_TASK DIRECTIONS_
What you return must be every line below that includes the word "Subsystem".

Data items:
▼

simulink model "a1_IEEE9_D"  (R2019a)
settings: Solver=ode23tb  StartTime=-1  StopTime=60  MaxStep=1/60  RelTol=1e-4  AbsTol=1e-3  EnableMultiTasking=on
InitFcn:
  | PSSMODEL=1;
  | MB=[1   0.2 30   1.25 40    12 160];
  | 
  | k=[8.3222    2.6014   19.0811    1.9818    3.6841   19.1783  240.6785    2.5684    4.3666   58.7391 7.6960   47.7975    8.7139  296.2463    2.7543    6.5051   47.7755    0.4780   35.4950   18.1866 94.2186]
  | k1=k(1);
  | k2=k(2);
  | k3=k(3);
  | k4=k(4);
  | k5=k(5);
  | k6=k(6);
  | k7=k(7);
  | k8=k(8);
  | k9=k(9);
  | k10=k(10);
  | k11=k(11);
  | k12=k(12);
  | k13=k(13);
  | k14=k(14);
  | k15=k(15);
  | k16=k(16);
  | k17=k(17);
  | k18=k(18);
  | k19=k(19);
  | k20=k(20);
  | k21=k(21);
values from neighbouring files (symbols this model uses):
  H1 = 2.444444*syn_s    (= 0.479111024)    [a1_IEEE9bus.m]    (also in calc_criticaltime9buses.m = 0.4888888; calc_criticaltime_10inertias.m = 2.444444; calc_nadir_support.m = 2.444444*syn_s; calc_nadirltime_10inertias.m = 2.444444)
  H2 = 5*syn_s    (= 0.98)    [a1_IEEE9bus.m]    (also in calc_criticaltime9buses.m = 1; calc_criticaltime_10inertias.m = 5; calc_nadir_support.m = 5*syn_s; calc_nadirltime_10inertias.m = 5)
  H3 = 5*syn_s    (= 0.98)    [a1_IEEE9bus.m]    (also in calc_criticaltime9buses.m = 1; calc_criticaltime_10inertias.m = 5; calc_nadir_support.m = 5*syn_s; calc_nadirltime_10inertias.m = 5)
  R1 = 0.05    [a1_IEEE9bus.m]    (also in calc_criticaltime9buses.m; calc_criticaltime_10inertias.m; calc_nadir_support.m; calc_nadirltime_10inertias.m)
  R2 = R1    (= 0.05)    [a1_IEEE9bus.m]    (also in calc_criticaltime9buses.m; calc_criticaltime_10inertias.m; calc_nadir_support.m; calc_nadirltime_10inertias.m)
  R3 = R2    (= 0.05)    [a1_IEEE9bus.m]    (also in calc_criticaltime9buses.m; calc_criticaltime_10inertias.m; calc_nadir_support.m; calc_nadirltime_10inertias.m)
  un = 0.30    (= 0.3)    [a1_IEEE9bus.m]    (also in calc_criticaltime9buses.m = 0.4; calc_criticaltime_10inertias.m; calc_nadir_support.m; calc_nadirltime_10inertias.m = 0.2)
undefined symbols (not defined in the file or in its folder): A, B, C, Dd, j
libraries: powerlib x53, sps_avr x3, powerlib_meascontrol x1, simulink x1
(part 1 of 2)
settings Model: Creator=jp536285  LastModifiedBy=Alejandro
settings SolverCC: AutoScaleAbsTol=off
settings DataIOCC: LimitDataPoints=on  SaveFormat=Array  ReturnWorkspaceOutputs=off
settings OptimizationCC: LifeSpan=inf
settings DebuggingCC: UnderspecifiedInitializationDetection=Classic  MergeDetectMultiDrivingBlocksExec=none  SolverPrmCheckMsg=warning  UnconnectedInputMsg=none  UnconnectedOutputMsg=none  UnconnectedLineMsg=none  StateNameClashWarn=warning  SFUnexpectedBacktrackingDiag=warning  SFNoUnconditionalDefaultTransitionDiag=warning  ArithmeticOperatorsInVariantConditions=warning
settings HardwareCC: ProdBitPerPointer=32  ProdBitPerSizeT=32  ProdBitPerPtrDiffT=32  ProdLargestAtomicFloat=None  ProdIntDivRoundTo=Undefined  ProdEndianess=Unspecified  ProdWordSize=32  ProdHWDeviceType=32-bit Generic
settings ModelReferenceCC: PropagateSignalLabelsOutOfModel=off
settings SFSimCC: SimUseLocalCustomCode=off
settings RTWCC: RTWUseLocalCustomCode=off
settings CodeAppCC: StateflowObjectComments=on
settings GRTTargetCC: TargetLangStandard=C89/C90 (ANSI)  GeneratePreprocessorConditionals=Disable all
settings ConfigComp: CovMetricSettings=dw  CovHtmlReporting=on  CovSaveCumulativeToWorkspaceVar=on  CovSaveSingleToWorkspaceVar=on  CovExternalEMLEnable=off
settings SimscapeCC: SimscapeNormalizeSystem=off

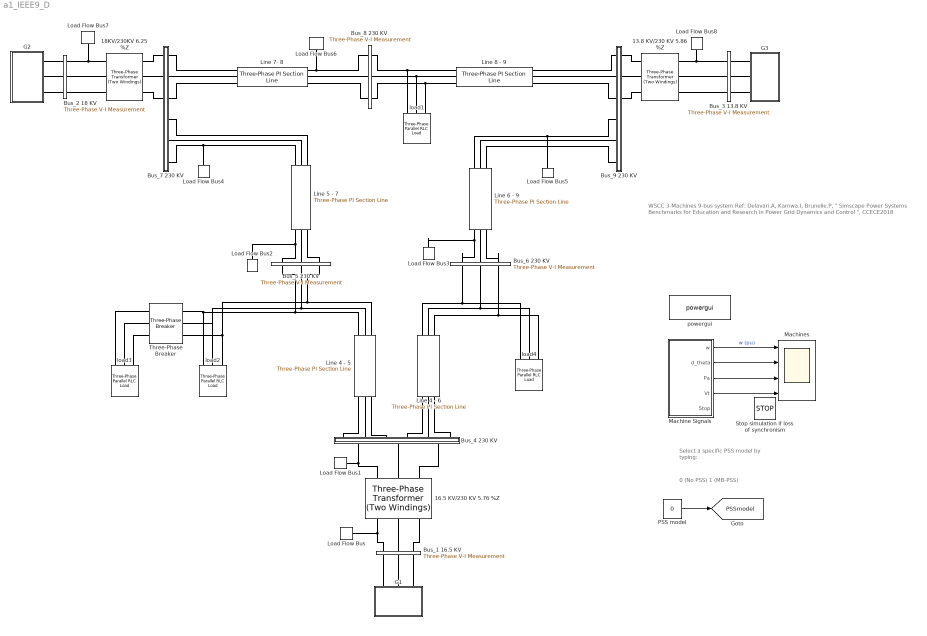
== system a1_IEEE9_D ==
  note: WSCC 3-Machines 9-bus system
      | Ref: Delavari.A, Kamwa.I, Brunelle.P, " Simscape Power Systems Benchmarks for Education
      | and Research in Power Grid Dynamics and Control ", CCECE2018
  note: Select a specific PSS model
      | by typing:
  note: 0  (No PSS)
      | 1  (MB-PSS)
  " Line 4 - 6" : powerlib/Elements/Three-Phase PI Section Line  LConnTagsString=a|b|c  RConnTagsString=A|B|C  Frequency=50  Resistances=[ 9.24e-2 9.24e-1]  Inductances=[ 1.33e-3 3.98e-3]  Capacitances=[8.14e-9 4.88e-9]  Length=97.336  mask(Three-Phase PI Section Line){}
      settings: SourceProductName=Simscape Electrical
      mask Display:
      | % This is a new mask on top of the base mask.
      | % Use "View base mask" link below to see the base mask.
      | patch([0.0 0.0 1 1 0.0 0.0 ],[0.4 0.7 0.7 0.4 0.4 0.7],[0 0 1]);
      | patch([0.4 0.4 0.42 0.42],[0.4 0.75 0.75 0.4],[1 0 0]);
      | patch([0.38 0.38 0.57 0.57],[0.7 0.75 0.75 0.7],[1 0 0]);
      | patch([0.53 0.53 0.55 0.55],[0.4 0.75 0.75 0.4],[1 0 0]);
  " Line 6 - 9" : powerlib/Elements/Three-Phase PI Section Line  LConnTagsString=a|b|c  RConnTagsString=A|B|C  Frequency=50  Resistances=[1.15 1.15e-1]  Inductances=[1.33e-3 3.98e-3]  Capacitances=[9.98e-9 5.99e-9]  Length=179.86  mask(Three-Phase PI Section Line){}
      settings: SourceProductName=Simscape Electrical
      mask Display:
      | % This is a new mask on top of the base mask.
      | % Use "View base mask" link below to see the base mask.
      | patch([0.0 0.0 1 1 0.0 0.0 ],[0.4 0.7 0.7 0.4 0.4 0.7],[0 0 1]);
      | patch([0.4 0.4 0.42 0.42],[0.4 0.75 0.75 0.4],[1 0 0]);
      | patch([0.38 0.38 0.57 0.57],[0.7 0.75 0.75 0.7],[1 0 0]);
      | patch([0.53 0.53 0.55 0.55],[0.4 0.75 0.75 0.4],[1 0 0]);
  13.8 KV/230 KV 5.86 %Z : powerlib/Elements/Three-Phase Transformer (Two Windings)  Winding1Connection=Yg  Winding2Connection=Yg  CoreType=Three single-phase transformers  SetSaturation=off  Hysteresis=off  DataFile='hysteresis'  SetInitialFlux=off  Measurements=None  UNITS=pu  NominalPower=[ 100e6 , 50 ]  Winding1=[ 13.8e3 , 1e-6 , 0 ]  Winding2=[ 230e3 , 1e-6, 0.0586 ]  Rm=500  Lm=500  L0=0.5  Saturation=[ 0,0 ; 0.0024,1.2 ; 1.0,1.52 ]  InitialFluxes=[ 0.8 , -0.8 , 0.7 ]  BreakLoop=off  DiscreteSolver=Trapezoidal iterative  DataType=off  TransfoNumber=1
      settings: SourceProductName=Simscape Electrical
  "16.5 KV/230 KV 5.76 %Z     " : powerlib/Elements/Three-Phase Transformer (Two Windings)  Winding1Connection=Yg  Winding2Connection=Yg  CoreType=Three single-phase transformers  SetSaturation=off  Hysteresis=off  DataFile='hysteresis'  SetInitialFlux=off  Measurements=None  UNITS=pu  NominalPower=[ 100e6 , 50 ]  Winding1=[ 16.5e3 , 1e-6, 0 ]  Winding2=[ 230e3 ,1e-6, 0.0576 ]  Rm=500  Lm=500  L0=0.5  Saturation=[ 0,0 ; 0.0024,1.2 ; 1.0,1.52 ]  InitialFluxes=[ 0.8 , -0.8 , 0.7 ]  BreakLoop=off  DiscreteSolver=Trapezoidal iterative  DataType=off  TransfoNumber=1
      settings: SourceProductName=Simscape Electrical
  18KV/230KV 6.25 %Z : powerlib/Elements/Three-Phase Transformer (Two Windings)  Winding1Connection=Yg  Winding2Connection=Yg  CoreType=Three single-phase transformers  SetSaturation=off  Hysteresis=off  DataFile='hysteresis'  SetInitialFlux=off  Measurements=None  UNITS=pu  NominalPower=[ 100e6 , 50 ]  Winding1=[ 18e3 , 1e-6 , 0]  Winding2=[ 230e3 , 1e-6, 0.0625 ]  Rm=500  Lm=500  L0=0.5  Saturation=[ 0,0 ; 0.0024,1.2 ; 1.0,1.52 ]  InitialFluxes=[ 0.8 , -0.8 , 0.7 ]  BreakLoop=off  DiscreteSolver=Trapezoidal iterative  DataType=off  TransfoNumber=1
      settings: SourceProductName=Simscape Electrical
  Bus_1 16.5 KV : powerlib/Measurements/Three-Phase V-I Measurement  VoltageMeasurement=phase-to-ground  SetLabelV=on  LabelV=Vabc_1  Vpu=on  VpuLL=off  CurrentMeasurement=yes  SetLabelI=on  LabelI=Iabc_1  Ipu=on  Pbase=100e6  Vbase=16.5e3  OutputType=Complex  PhasorSimulation=on  PSBequivalent=0
      settings: SourceProductName=Simscape Electrical
  Bus_2 18 KV : powerlib/Measurements/Three-Phase V-I Measurement  VoltageMeasurement=phase-to-ground  SetLabelV=on  LabelV=Vabc_2  Vpu=on  VpuLL=off  CurrentMeasurement=yes  SetLabelI=on  LabelI=Iabc_2  Ipu=on  Pbase=100e6  Vbase=18e3  OutputType=Complex  PhasorSimulation=on  PSBequivalent=0
      settings: SourceProductName=Simscape Electrical
  Bus_3 13.8 KV : powerlib/Measurements/Three-Phase V-I Measurement  VoltageMeasurement=phase-to-ground  SetLabelV=on  LabelV=Vabc_3  Vpu=on  VpuLL=off  CurrentMeasurement=yes  SetLabelI=on  LabelI=Iabc_3  Ipu=on  Pbase=100e6  Vbase=13.8e3  OutputType=Complex  PhasorSimulation=on  PSBequivalent=0
      settings: SourceProductName=Simscape Electrical
  Bus_4 230 KV : Subsystem
  Bus_5 230 KV : powerlib/Measurements/Three-Phase V-I Measurement  VoltageMeasurement=phase-to-ground  SetLabelV=on  LabelV=Vabc_5  Vpu=on  VpuLL=off  CurrentMeasurement=yes  SetLabelI=on  LabelI=Iabc_5  Ipu=on  Pbase=100e6  Vbase=230e3  OutputType=Complex  PhasorSimulation=on  PSBequivalent=0
      settings: SourceProductName=Simscape Electrical
  Bus_6 230 KV : powerlib/Measurements/Three-Phase V-I Measurement  VoltageMeasurement=phase-to-phase  SetLabelV=on  LabelV=Vabc_6  Vpu=off  VpuLL=on  CurrentMeasurement=yes  SetLabelI=on  LabelI=Iabc_6  Ipu=on  Pbase=100e6  Vbase=230e3  OutputType=Complex  PhasorSimulation=on  PSBequivalent=0
      settings: SourceProductName=Simscape Electrical
  Bus_7 230 KV : Subsystem
  Bus_8 230 KV : powerlib/Measurements/Three-Phase V-I Measurement  VoltageMeasurement=phase-to-phase  SetLabelV=on  LabelV=Vabc_8  Vpu=off  VpuLL=on  CurrentMeasurement=yes  SetLabelI=on  LabelI=Iabc_8  Ipu=on  Pbase=100e6  Vbase=230e3  OutputType=Complex  PhasorSimulation=on  PSBequivalent=0
      settings: SourceProductName=Simscape Electrical
  Bus_9 230 KV : Subsystem
  G1 : Subsystem
  G2 : Subsystem
  G3 : Subsystem
  "Line 4 - 5 " : powerlib/Elements/Three-Phase PI Section Line  LConnTagsString=a|b|c  RConnTagsString=A|B|C  Frequency=50  Resistances=[ 5.88e-2 5.88e-1]  Inductances=[ 1.33e-3 3.98e-3]  Capacitances=[9.81e-9 3.98e-3]  Length=89.93  mask(Three-Phase PI Section Line){}
      settings: SourceProductName=Simscape Electrical
      mask Display:
      | % This is a new mask on top of the base mask.
      | % Use "View base mask" link below to see the base mask.
      | patch([0.0 0.0 1 1 0.0 0.0 ],[0.4 0.7 0.7 0.4 0.4 0.7],[0 0 1]);
      | patch([0.4 0.4 0.42 0.42],[0.4 0.75 0.75 0.4],[1 0 0]);
      | patch([0.38 0.38 0.57 0.57],[0.7 0.75 0.75 0.7],[1 0 0]);
      | patch([0.53 0.53 0.55 0.55],[0.4 0.75 0.75 0.4],[1 0 0]);
  "Line 5 - 7 " : powerlib/Elements/Three-Phase PI Section Line  LConnTagsString=a|b|c  RConnTagsString=A|B|C  Frequency=50  Resistances=[9.94e-2 9.94e-1]  Inductances=[1.33e-3 3.98e-3]  Capacitances=[9.01e-9 5.41e-9]  Length=170.338  mask(Three-Phase PI Section Line){}
      settings: SourceProductName=Simscape Electrical
      mask Display:
      | % This is a new mask on top of the base mask.
      | % Use "View base mask" link below to see the base mask.
      | patch([0.0 0.0 1 1 0.0 0.0 ],[0.4 0.7 0.7 0.4 0.4 0.7],[0 0 1]);
      | patch([0.4 0.4 0.42 0.42],[0.4 0.75 0.75 0.4],[1 0 0]);
      | patch([0.38 0.38 0.57 0.57],[0.7 0.75 0.75 0.7],[1 0 0]);
      | patch([0.53 0.53 0.55 0.55],[0.4 0.75 0.75 0.4],[1 0 0]);
  Line 7- 8 : powerlib/Elements/Three-Phase PI Section Line  LConnTagsString=a|b|c  RConnTagsString=A|B|C  Frequency=50  Resistances=[5.9e-2 5.9e-1]  Inductances=[1.33e-3 3.98e-3]  Capacitances=[9.81e-9 5.89e-9]  Length=76.176  mask(Three-Phase PI Section Line){}
      settings: SourceProductName=Simscape Electrical
      mask Display:
      | % This is a new mask on top of the base mask.
      | % Use "View base mask" link below to see the base mask.
      | patch([0.0 0.0 1 1 0.0 0.0 ],[0.4 0.7 0.7 0.4 0.4 0.7],[0 0 1]);
      | patch([0.4 0.4 0.42 0.42],[0.4 0.75 0.75 0.4],[1 0 0]);
      | patch([0.38 0.38 0.57 0.57],[0.7 0.75 0.75 0.7],[1 0 0]);
      | patch([0.53 0.53 0.55 0.55],[0.4 0.75 0.75 0.4],[1 0 0]);
  Line 8 - 9 : powerlib/Elements/Three-Phase PI Section Line  LConnTagsString=a|b|c  RConnTagsString=A|B|C  Frequency=50  Resistances=[5.9e-2 5.9e-1]  Inductances=[1.33e-3 3.98e-3]  Capacitances=[9.83e-9 5.9e-9]  Length=106.649  mask(Three-Phase PI Section Line){}
      settings: SourceProductName=Simscape Electrical
      mask Display:
      | % This is a new mask on top of the base mask.
      | % Use "View base mask" link below to see the base mask.
      | patch([0.0 0.0 1 1 0.0 0.0 ],[0.4 0.7 0.7 0.4 0.4 0.7],[0 0 1]);
      | patch([0.4 0.4 0.42 0.42],[0.4 0.75 0.75 0.4],[1 0 0]);
      | patch([0.38 0.38 0.57 0.57],[0.7 0.75 0.75 0.7],[1 0 0]);
      | patch([0.53 0.53 0.55 0.55],[0.4 0.75 0.75 0.4],[1 0 0]);
  Load Flow Bus : powerlib/Measurements/Load Flow Bus  LConnTagsString=a  Phases=single  Connectors=on one side  ID=BUS_1  Vbase=16.5e3  Vref=1.04  Vangle=0  VLF=1.04  VLFb=1  VLFc=1  angleLF=0  angleLFb=0  angleLFc=0
      settings: AttributesFormatString=%<ID>\n%<Vbase>V\n%<VLF>pu\n%<angleLF>deg.  SourceProductName=Simscape Electrical
  Load Flow Bus1 : powerlib/Measurements/Load Flow Bus  LConnTagsString=a  Phases=single  Connectors=on one side  ID=BUS_4  Vbase=230e3  Vref=1  Vangle=0  VLF=1.021  VLFb=1  VLFc=1  angleLF=-2.239  angleLFb=0  angleLFc=0
      settings: AttributesFormatString=%<ID>\n%<Vbase>V\n%<VLF>pu\n%<angleLF>deg.  SourceProductName=Simscape Electrical
  Load Flow Bus2 : powerlib/Measurements/Load Flow Bus  LConnTagsString=a  Phases=single  Connectors=on one side  ID=BUS_5  Vbase=230e3  Vref=1  Vangle=0  VLF=0.9938  VLFb=1  VLFc=1  angleLF=-3.685  angleLFb=0  angleLFc=0
      settings: AttributesFormatString=%<ID>\n%<Vbase>V\n%<VLF>pu\n%<angleLF>deg.  SourceProductName=Simscape Electrical
  Load Flow Bus3 : powerlib/Measurements/Load Flow Bus  LConnTagsString=a  Phases=single  Connectors=on one side  ID=BUS_6  Vbase=230e3  Vref=1  Vangle=0  VLF=1.007  VLFb=1  VLFc=1  angleLF=-3.444  angleLFb=0  angleLFc=0
      settings: AttributesFormatString=%<ID>\n%<Vbase>V\n%<VLF>pu\n%<angleLF>deg.  SourceProductName=Simscape Electrical
  Load Flow Bus4 : powerlib/Measurements/Load Flow Bus  LConnTagsString=a  Phases=single  Connectors=on one side  ID=BUS_7  Vbase=230e3  Vref=1  Vangle=0  VLF=1.024  VLFb=1  VLFc=1  angleLF=2.693  angleLFb=0  angleLFc=0
      settings: AttributesFormatString=%<ID>\n%<Vbase>V\n%<VLF>pu\n%<angleLF>deg.  SourceProductName=Simscape Electrical
  Load Flow Bus5 : powerlib/Measurements/Load Flow Bus  LConnTagsString=a  Phases=single  Connectors=on one side  ID=BUS_9  Vbase=230e3  Vref=1  Vangle=0  VLF=1.029  VLFb=1  VLFc=1  angleLF=1.226  angleLFb=0  angleLFc=0
      settings: AttributesFormatString=%<ID>\n%<Vbase>V\n%<VLF>pu\n%<angleLF>deg.  SourceProductName=Simscape Electrical
  Load Flow Bus6 : powerlib/Measurements/Load Flow Bus  LConnTagsString=a  Phases=single  Connectors=on one side  ID=BUS_8  Vbase=230e3  Vref=1  Vangle=0  VLF=1.014  VLFb=1  VLFc=1  angleLF=0.2062  angleLFb=0  angleLFc=0
      settings: AttributesFormatString=%<ID>\n%<Vbase>V\n%<VLF>pu\n%<angleLF>deg.  SourceProductName=Simscape Electrical
  Load Flow Bus7 : powerlib/Measurements/Load Flow Bus  LConnTagsString=a  Phases=single  Connectors=on one side  ID=BUS_2  Vbase=18e3  Vref=1.025  Vangle=0  VLF=1.025  VLFb=1  VLFc=1  angleLF=8.256  angleLFb=0  angleLFc=0
      settings: AttributesFormatString=%<ID>\n%<Vbase>V\n%<VLF>pu\n%<angleLF>deg.  SourceProductName=Simscape Electrical
  Load Flow Bus8 : powerlib/Measurements/Load Flow Bus  LConnTagsString=a  Phases=single  Connectors=on one side  ID=BUS_3  Vbase=13.8e3  Vref=1.025  Vangle=0  VLF=1.025  VLFb=1  VLFc=1  angleLF=3.927  angleLFb=0  angleLFc=0
      settings: AttributesFormatString=%<ID>\n%<Vbase>V\n%<VLF>pu\n%<angleLF>deg.  SourceProductName=Simscape Electrical
  Machine Signals : Subsystem
  Machines : Scope  NumInputPorts=4
  PSS model : Constant  Value=0
  Stop simulation if loss of synchronism : Stop
  Three-Phase Breaker : powerlib/Elements/Three-Phase Breaker  InitialState=open  SwitchA=on  SwitchB=on  SwitchC=on  SwitchTimes=0  External=off  BreakerResistance=0.00001  SnubberResistance=1e9  SnubberCapacitance=inf  Measurements=None
      settings: SourceProductName=Simscape Electrical
  load1 : powerlib/Elements/Three-Phase Parallel RLC Load  LConnTagsString=A|B|C  Configuration=Y (grounded)  NominalVoltage=(230000)*1.01415  Vabc=[1e3 1e3 1e3]  Vabcp=[1e3 1e3 1e3]  NominalFrequency=50  UnbalancedPower=off  ActivePower=100e6  InductivePower=35e6  CapacitivePower=0  Pabc=[10e3 9e3 11e3]  QLabc=[100 90 110]  QCabc=[100 90 110]  Pabcp=[10e3 9e3 11e3]  QLabcp=[100 90 110]  QCabcp=[100 90 110]  Measurements=None  LoadType=constant PQ
      settings: SourceProductName=Simscape Electrical
  load2 : powerlib/Elements/Three-Phase Parallel RLC Load  LConnTagsString=A|B|C  Configuration=Y (grounded)  NominalVoltage=(230000)*0.993797  Vabc=[1e3 1e3 1e3]  Vabcp=[1e3 1e3 1e3]  NominalFrequency=50  UnbalancedPower=off  ActivePower=125e6  InductivePower=50e6  CapacitivePower=0  Pabc=[10e3 9e3 11e3]  QLabc=[100 90 110]  QCabc=[100 90 110]  Pabcp=[10e3 9e3 11e3]  QLabcp=[100 90 110]  QCabcp=[100 90 110]  Measurements=None  LoadType=constant PQ
      settings: SourceProductName=Simscape Electrical
  load3 : powerlib/Elements/Three-Phase Parallel RLC Load  LConnTagsString=A|B|C  Configuration=Y (grounded)  NominalVoltage=(230000)*0.993797  Vabc=[1e3 1e3 1e3]  Vabcp=[1e3 1e3 1e3]  NominalFrequency=50  UnbalancedPower=off  ActivePower=(315e6)*un  InductivePower=0  CapacitivePower=0  Pabc=[10e3 9e3 11e3]  QLabc=[100 90 110]  QCabc=[100 90 110]  Pabcp=[10e3 9e3 11e3]  QLabcp=[100 90 110]  QCabcp=[100 90 110]  Measurements=None  LoadType=constant PQ
      settings: SourceProductName=Simscape Electrical
  load4 : powerlib/Elements/Three-Phase Parallel RLC Load  LConnTagsString=A|B|C  Configuration=Y (grounded)  NominalVoltage=(230000)*1.00721  Vabc=[1e3 1e3 1e3]  Vabcp=[1e3 1e3 1e3]  NominalFrequency=50  UnbalancedPower=off  ActivePower=9e+07  InductivePower=3e+07  CapacitivePower=0  Pabc=[10e3 9e3 11e3]  QLabc=[100 90 110]  QCabc=[100 90 110]  Pabcp=[10e3 9e3 11e3]  QLabcp=[100 90 110]  QCabcp=[100 90 110]  Measurements=None  LoadType=constant PQ
      settings: SourceProductName=Simscape Electrical
  powergui : powerlib/powergui  Priority=1  SimulationMode=Phasor  SampleTime=50e-6  frequency=50  Iterations=50  frequencyindice=50  Pbase=10e7  ErrMax=1e-05  UnitsV=kV  UnitsW=MW  buscounter=0  FunctionMessages=off  echomessages=off  EnableUseOfTLC=off  CurrentSourceSwitches=off  DisableSnubberDevices=off  DisableRonSwitches=off  DisableVfSwitches=off  DisplayEquations=off  AutomaticDiscreteSolvers=off  SolverType=Tustin  Interpol=off  ExternalGateDelay=off  methode=off  Ts=0  x0status=steady  SPID=off  SwTol=0  HookPort=off  NonlinearTolerance=0  nMaxIteration=15  ContinueOnMaxIteration=off  RestoreLinks=warning  ResistiveCurrentMeasurement=off  Frange=[0:2:500]  Ylog=off  Xlog=on  ShowGrid=off  save=off  variable=ZData  structure=0  ZoomFFT=off  StartTime=0.0  cycles=1  DisplayStyle=1  fundamental=60  FreqAxis=off  MaxFrequency=1000  frequencyindicesteady=1  RmsSteady=1  display=off
      settings: SourceProductName=Simscape Electrical
  tag scope: PSSmodel=global
  wires:
  Machine Signals/1(w) -> Machines/1  "w (pu)"
  Machine Signals/2(d_theta) -> Machines/2
  Machine Signals/3(Pa) -> Machines/3
  Machine Signals/4(Vt) -> Machines/4
  PSS model/1 -> [PSSmodel]
  connections:
  G2/LConn2 -- Bus_2 18 KV/LConn2
  18KV/230KV 6.25 %Z/LConn2 -- Bus_2 18 KV/RConn2
  18KV/230KV 6.25 %Z/RConn2 -- Bus_7 230 KV/LConn2
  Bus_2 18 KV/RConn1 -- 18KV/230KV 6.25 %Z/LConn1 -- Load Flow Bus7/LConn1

▲

_ANSWER FOR THE TASK_
  Bus_4 230 KV : Subsystem
  Bus_7 230 KV : Subsystem
  Bus_9 230 KV : Subsystem
  G1 : Subsystem
  G2 : Subsystem
  G3 : Subsystem
  Machine Signals : Subsystem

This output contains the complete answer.